Task prompt: Leave out the pictures and give back all the entries exactly as written.

[Stored entries]

......

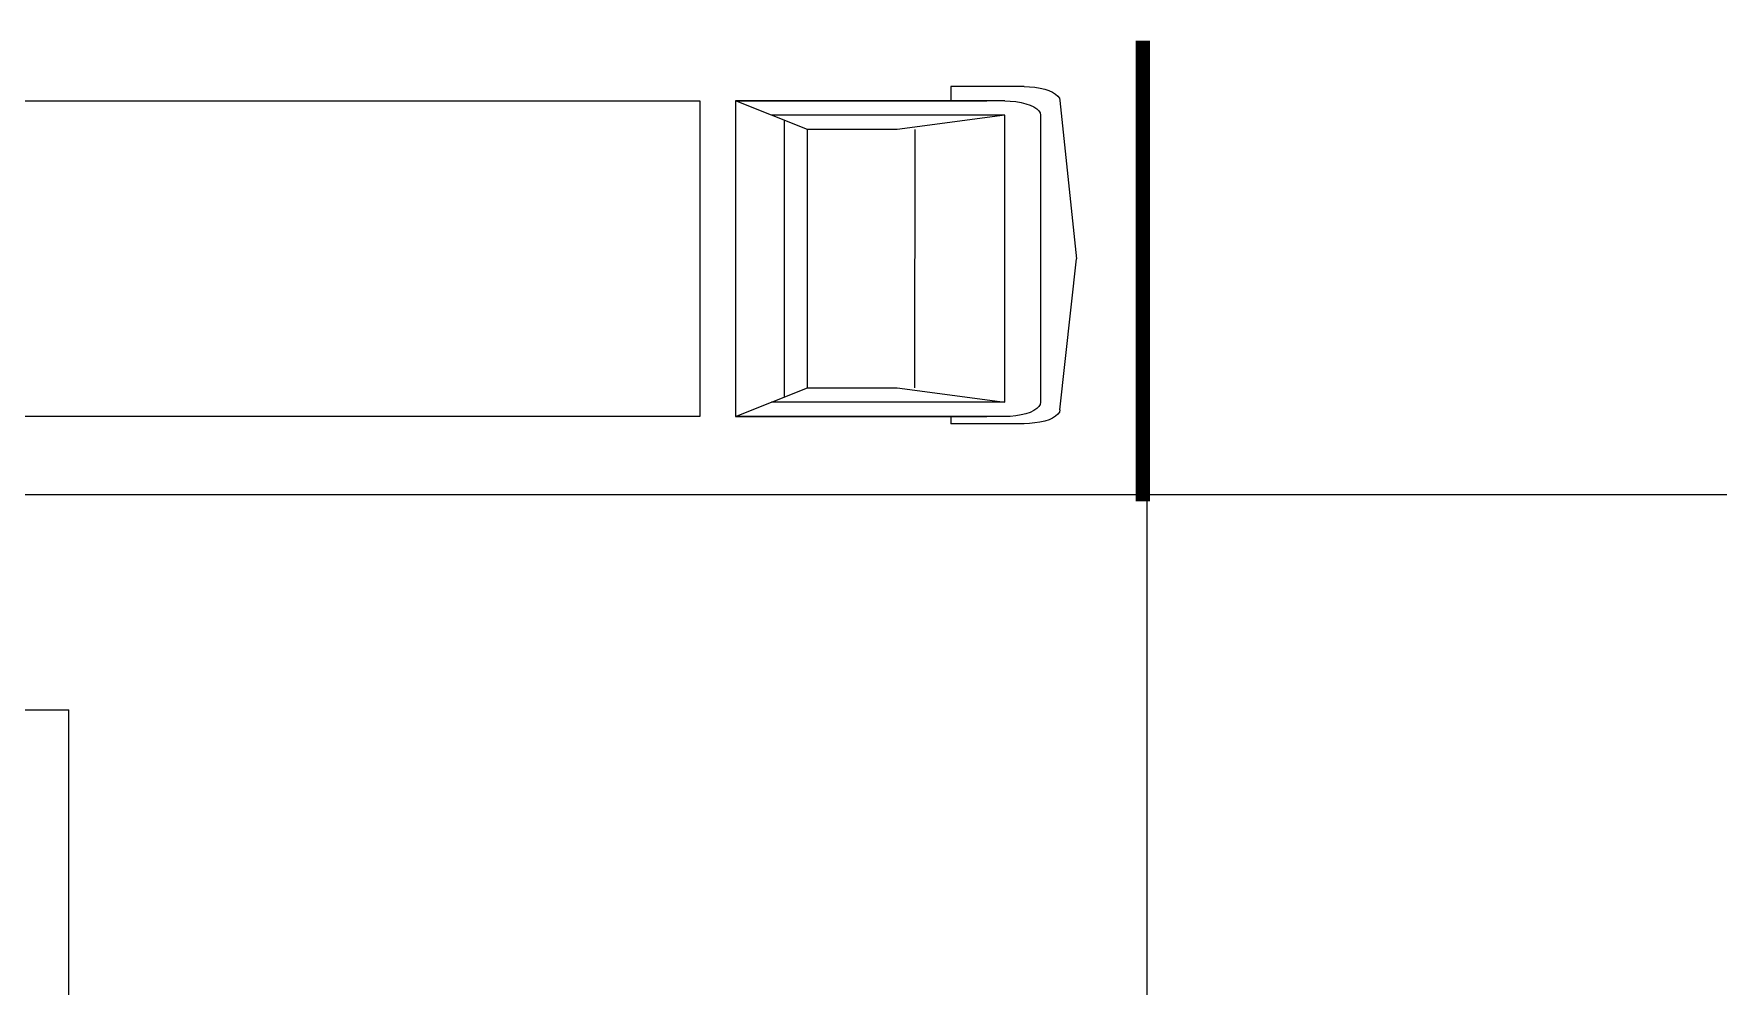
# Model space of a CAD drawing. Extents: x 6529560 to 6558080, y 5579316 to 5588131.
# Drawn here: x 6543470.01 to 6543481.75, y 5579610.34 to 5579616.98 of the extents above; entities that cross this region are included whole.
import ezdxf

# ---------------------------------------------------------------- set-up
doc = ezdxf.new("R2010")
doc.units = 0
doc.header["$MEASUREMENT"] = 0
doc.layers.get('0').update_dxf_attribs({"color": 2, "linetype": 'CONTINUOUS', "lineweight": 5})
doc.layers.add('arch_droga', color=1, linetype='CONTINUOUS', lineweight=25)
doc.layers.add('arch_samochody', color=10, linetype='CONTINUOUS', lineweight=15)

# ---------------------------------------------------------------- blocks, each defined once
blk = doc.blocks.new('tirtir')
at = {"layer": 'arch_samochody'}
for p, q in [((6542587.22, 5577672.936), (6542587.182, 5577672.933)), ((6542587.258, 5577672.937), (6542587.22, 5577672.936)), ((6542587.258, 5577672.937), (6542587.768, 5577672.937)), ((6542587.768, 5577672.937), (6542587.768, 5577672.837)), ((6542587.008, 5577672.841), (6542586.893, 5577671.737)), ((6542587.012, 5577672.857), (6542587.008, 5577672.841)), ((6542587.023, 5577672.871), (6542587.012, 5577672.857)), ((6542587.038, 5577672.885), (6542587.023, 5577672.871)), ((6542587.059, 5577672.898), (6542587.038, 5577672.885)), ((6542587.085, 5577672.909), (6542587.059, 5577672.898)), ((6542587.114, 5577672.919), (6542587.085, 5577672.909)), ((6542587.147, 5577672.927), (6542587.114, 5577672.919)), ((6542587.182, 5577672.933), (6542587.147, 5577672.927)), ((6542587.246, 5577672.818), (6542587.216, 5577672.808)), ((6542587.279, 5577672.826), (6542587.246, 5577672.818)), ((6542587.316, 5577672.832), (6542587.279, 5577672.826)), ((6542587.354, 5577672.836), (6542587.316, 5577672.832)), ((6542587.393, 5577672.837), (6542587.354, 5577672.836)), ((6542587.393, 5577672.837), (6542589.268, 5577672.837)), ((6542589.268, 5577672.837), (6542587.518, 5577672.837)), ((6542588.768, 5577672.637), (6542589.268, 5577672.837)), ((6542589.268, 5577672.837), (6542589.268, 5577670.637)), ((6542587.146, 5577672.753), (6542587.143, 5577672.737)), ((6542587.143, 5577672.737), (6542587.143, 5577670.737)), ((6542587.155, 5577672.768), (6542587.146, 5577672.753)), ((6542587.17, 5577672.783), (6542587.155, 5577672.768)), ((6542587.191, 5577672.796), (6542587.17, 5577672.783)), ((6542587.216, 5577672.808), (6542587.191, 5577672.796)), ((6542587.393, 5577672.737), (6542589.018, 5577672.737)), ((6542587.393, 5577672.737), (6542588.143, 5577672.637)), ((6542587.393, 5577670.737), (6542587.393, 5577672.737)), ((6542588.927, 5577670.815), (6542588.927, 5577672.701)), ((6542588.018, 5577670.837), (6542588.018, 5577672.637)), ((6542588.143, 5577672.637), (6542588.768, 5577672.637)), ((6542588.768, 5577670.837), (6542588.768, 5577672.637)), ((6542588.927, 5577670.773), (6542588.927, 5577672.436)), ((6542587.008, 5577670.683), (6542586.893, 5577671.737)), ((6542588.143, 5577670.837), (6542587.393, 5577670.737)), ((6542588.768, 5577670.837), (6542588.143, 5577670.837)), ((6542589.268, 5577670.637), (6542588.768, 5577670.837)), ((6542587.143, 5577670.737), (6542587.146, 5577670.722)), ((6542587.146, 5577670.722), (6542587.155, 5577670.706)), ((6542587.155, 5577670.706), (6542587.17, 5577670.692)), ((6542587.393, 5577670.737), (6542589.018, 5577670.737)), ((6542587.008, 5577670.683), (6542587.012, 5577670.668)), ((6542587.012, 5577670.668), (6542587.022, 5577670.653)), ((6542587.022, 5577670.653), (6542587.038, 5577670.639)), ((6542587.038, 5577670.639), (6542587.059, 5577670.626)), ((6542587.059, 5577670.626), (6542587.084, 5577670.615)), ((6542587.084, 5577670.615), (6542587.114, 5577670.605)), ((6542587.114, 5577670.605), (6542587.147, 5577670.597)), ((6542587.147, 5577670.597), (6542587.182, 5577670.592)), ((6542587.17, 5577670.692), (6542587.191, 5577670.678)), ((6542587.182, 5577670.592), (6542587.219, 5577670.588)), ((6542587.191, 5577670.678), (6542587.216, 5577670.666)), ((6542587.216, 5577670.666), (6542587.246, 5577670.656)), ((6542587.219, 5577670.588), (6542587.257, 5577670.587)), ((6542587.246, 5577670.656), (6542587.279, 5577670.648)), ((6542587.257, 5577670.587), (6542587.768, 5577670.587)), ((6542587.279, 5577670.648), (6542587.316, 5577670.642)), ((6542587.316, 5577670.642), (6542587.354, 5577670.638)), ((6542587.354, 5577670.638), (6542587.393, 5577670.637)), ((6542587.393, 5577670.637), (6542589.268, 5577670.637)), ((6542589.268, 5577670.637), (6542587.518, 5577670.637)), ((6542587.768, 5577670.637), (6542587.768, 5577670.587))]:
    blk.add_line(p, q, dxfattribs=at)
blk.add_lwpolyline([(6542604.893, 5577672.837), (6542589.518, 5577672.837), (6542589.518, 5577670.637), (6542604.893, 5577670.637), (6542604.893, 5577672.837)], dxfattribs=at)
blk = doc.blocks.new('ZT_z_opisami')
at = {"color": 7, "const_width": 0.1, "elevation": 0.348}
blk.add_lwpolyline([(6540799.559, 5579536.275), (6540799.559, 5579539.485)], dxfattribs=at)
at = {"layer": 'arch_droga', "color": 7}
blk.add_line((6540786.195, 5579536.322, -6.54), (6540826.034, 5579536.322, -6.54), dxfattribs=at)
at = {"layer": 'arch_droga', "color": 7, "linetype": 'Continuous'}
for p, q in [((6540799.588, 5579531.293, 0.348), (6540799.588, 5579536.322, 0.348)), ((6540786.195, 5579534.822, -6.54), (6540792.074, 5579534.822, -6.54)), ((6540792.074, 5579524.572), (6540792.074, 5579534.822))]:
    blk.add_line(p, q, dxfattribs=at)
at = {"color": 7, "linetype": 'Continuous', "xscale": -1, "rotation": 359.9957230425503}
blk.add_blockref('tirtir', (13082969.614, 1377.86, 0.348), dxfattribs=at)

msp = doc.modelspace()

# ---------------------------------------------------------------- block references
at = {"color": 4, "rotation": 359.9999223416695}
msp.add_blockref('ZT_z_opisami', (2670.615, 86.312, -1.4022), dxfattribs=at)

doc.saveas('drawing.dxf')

......

Output for this task:
# Model space of a CAD drawing. Extents: x 6529560 to 6558080, y 5579316 to 5588131.
# Drawn here: x 6543470.01 to 6543481.75, y 5579610.34 to 5579616.98 of the extents above; entities that cross this region are included whole.
import ezdxf

# ---------------------------------------------------------------- set-up
doc = ezdxf.new("R2010")
doc.units = 0
doc.header["$MEASUREMENT"] = 0
doc.layers.get('0').update_dxf_attribs({"color": 2, "linetype": 'CONTINUOUS', "lineweight": 5})
doc.layers.add('arch_droga', color=1, linetype='CONTINUOUS', lineweight=25)
doc.layers.add('arch_samochody', color=10, linetype='CONTINUOUS', lineweight=15)

# ---------------------------------------------------------------- blocks, each defined once
blk = doc.blocks.new('tirtir')
at = {"layer": 'arch_samochody'}
for p, q in [((6542587.22, 5577672.936), (6542587.182, 5577672.933)), ((6542587.258, 5577672.937), (6542587.22, 5577672.936)), ((6542587.258, 5577672.937), (6542587.768, 5577672.937)), ((6542587.768, 5577672.937), (6542587.768, 5577672.837)), ((6542587.008, 5577672.841), (6542586.893, 5577671.737)), ((6542587.012, 5577672.857), (6542587.008, 5577672.841)), ((6542587.023, 5577672.871), (6542587.012, 5577672.857)), ((6542587.038, 5577672.885), (6542587.023, 5577672.871)), ((6542587.059, 5577672.898), (6542587.038, 5577672.885)), ((6542587.085, 5577672.909), (6542587.059, 5577672.898)), ((6542587.114, 5577672.919), (6542587.085, 5577672.909)), ((6542587.147, 5577672.927), (6542587.114, 5577672.919)), ((6542587.182, 5577672.933), (6542587.147, 5577672.927)), ((6542587.246, 5577672.818), (6542587.216, 5577672.808)), ((6542587.279, 5577672.826), (6542587.246, 5577672.818)), ((6542587.316, 5577672.832), (6542587.279, 5577672.826)), ((6542587.354, 5577672.836), (6542587.316, 5577672.832)), ((6542587.393, 5577672.837), (6542587.354, 5577672.836)), ((6542587.393, 5577672.837), (6542589.268, 5577672.837)), ((6542589.268, 5577672.837), (6542587.518, 5577672.837)), ((6542588.768, 5577672.637), (6542589.268, 5577672.837)), ((6542589.268, 5577672.837), (6542589.268, 5577670.637)), ((6542587.146, 5577672.753), (6542587.143, 5577672.737)), ((6542587.143, 5577672.737), (6542587.143, 5577670.737)), ((6542587.155, 5577672.768), (6542587.146, 5577672.753)), ((6542587.17, 5577672.783), (6542587.155, 5577672.768)), ((6542587.191, 5577672.796), (6542587.17, 5577672.783)), ((6542587.216, 5577672.808), (6542587.191, 5577672.796)), ((6542587.393, 5577672.737), (6542589.018, 5577672.737)), ((6542587.393, 5577672.737), (6542588.143, 5577672.637)), ((6542587.393, 5577670.737), (6542587.393, 5577672.737)), ((6542588.927, 5577670.815), (6542588.927, 5577672.701)), ((6542588.018, 5577670.837), (6542588.018, 5577672.637)), ((6542588.143, 5577672.637), (6542588.768, 5577672.637)), ((6542588.768, 5577670.837), (6542588.768, 5577672.637)), ((6542588.927, 5577670.773), (6542588.927, 5577672.436)), ((6542587.008, 5577670.683), (6542586.893, 5577671.737)), ((6542588.143, 5577670.837), (6542587.393, 5577670.737)), ((6542588.768, 5577670.837), (6542588.143, 5577670.837)), ((6542589.268, 5577670.637), (6542588.768, 5577670.837)), ((6542587.143, 5577670.737), (6542587.146, 5577670.722)), ((6542587.146, 5577670.722), (6542587.155, 5577670.706)), ((6542587.155, 5577670.706), (6542587.17, 5577670.692)), ((6542587.393, 5577670.737), (6542589.018, 5577670.737)), ((6542587.008, 5577670.683), (6542587.012, 5577670.668)), ((6542587.012, 5577670.668), (6542587.022, 5577670.653)), ((6542587.022, 5577670.653), (6542587.038, 5577670.639)), ((6542587.038, 5577670.639), (6542587.059, 5577670.626)), ((6542587.059, 5577670.626), (6542587.084, 5577670.615)), ((6542587.084, 5577670.615), (6542587.114, 5577670.605)), ((6542587.114, 5577670.605), (6542587.147, 5577670.597)), ((6542587.147, 5577670.597), (6542587.182, 5577670.592)), ((6542587.17, 5577670.692), (6542587.191, 5577670.678)), ((6542587.182, 5577670.592), (6542587.219, 5577670.588)), ((6542587.191, 5577670.678), (6542587.216, 5577670.666)), ((6542587.216, 5577670.666), (6542587.246, 5577670.656)), ((6542587.219, 5577670.588), (6542587.257, 5577670.587)), ((6542587.246, 5577670.656), (6542587.279, 5577670.648)), ((6542587.257, 5577670.587), (6542587.768, 5577670.587)), ((6542587.279, 5577670.648), (6542587.316, 5577670.642)), ((6542587.316, 5577670.642), (6542587.354, 5577670.638)), ((6542587.354, 5577670.638), (6542587.393, 5577670.637)), ((6542587.393, 5577670.637), (6542589.268, 5577670.637)), ((6542589.268, 5577670.637), (6542587.518, 5577670.637)), ((6542587.768, 5577670.637), (6542587.768, 5577670.587))]:
    blk.add_line(p, q, dxfattribs=at)
blk.add_lwpolyline([(6542604.893, 5577672.837), (6542589.518, 5577672.837), (6542589.518, 5577670.637), (6542604.893, 5577670.637), (6542604.893, 5577672.837)], dxfattribs=at)
blk = doc.blocks.new('ZT_z_opisami')
at = {"color": 7, "const_width": 0.1, "elevation": 0.348}
blk.add_lwpolyline([(6540799.559, 5579536.275), (6540799.559, 5579539.485)], dxfattribs=at)
at = {"layer": 'arch_droga', "color": 7}
blk.add_line((6540786.195, 5579536.322, -6.54), (6540826.034, 5579536.322, -6.54), dxfattribs=at)
at = {"layer": 'arch_droga', "color": 7, "linetype": 'Continuous'}
for p, q in [((6540799.588, 5579531.293, 0.348), (6540799.588, 5579536.322, 0.348)), ((6540786.195, 5579534.822, -6.54), (6540792.074, 5579534.822, -6.54)), ((6540792.074, 5579524.572), (6540792.074, 5579534.822))]:
    blk.add_line(p, q, dxfattribs=at)
at = {"color": 7, "linetype": 'Continuous', "xscale": -1, "rotation": 359.9957230425503}
blk.add_blockref('tirtir', (13082969.614, 1377.86, 0.348), dxfattribs=at)

msp = doc.modelspace()

# ---------------------------------------------------------------- block references
at = {"color": 4, "rotation": 359.9999223416695}
msp.add_blockref('ZT_z_opisami', (2670.615, 86.312, -1.4022), dxfattribs=at)

doc.saveas('drawing.dxf')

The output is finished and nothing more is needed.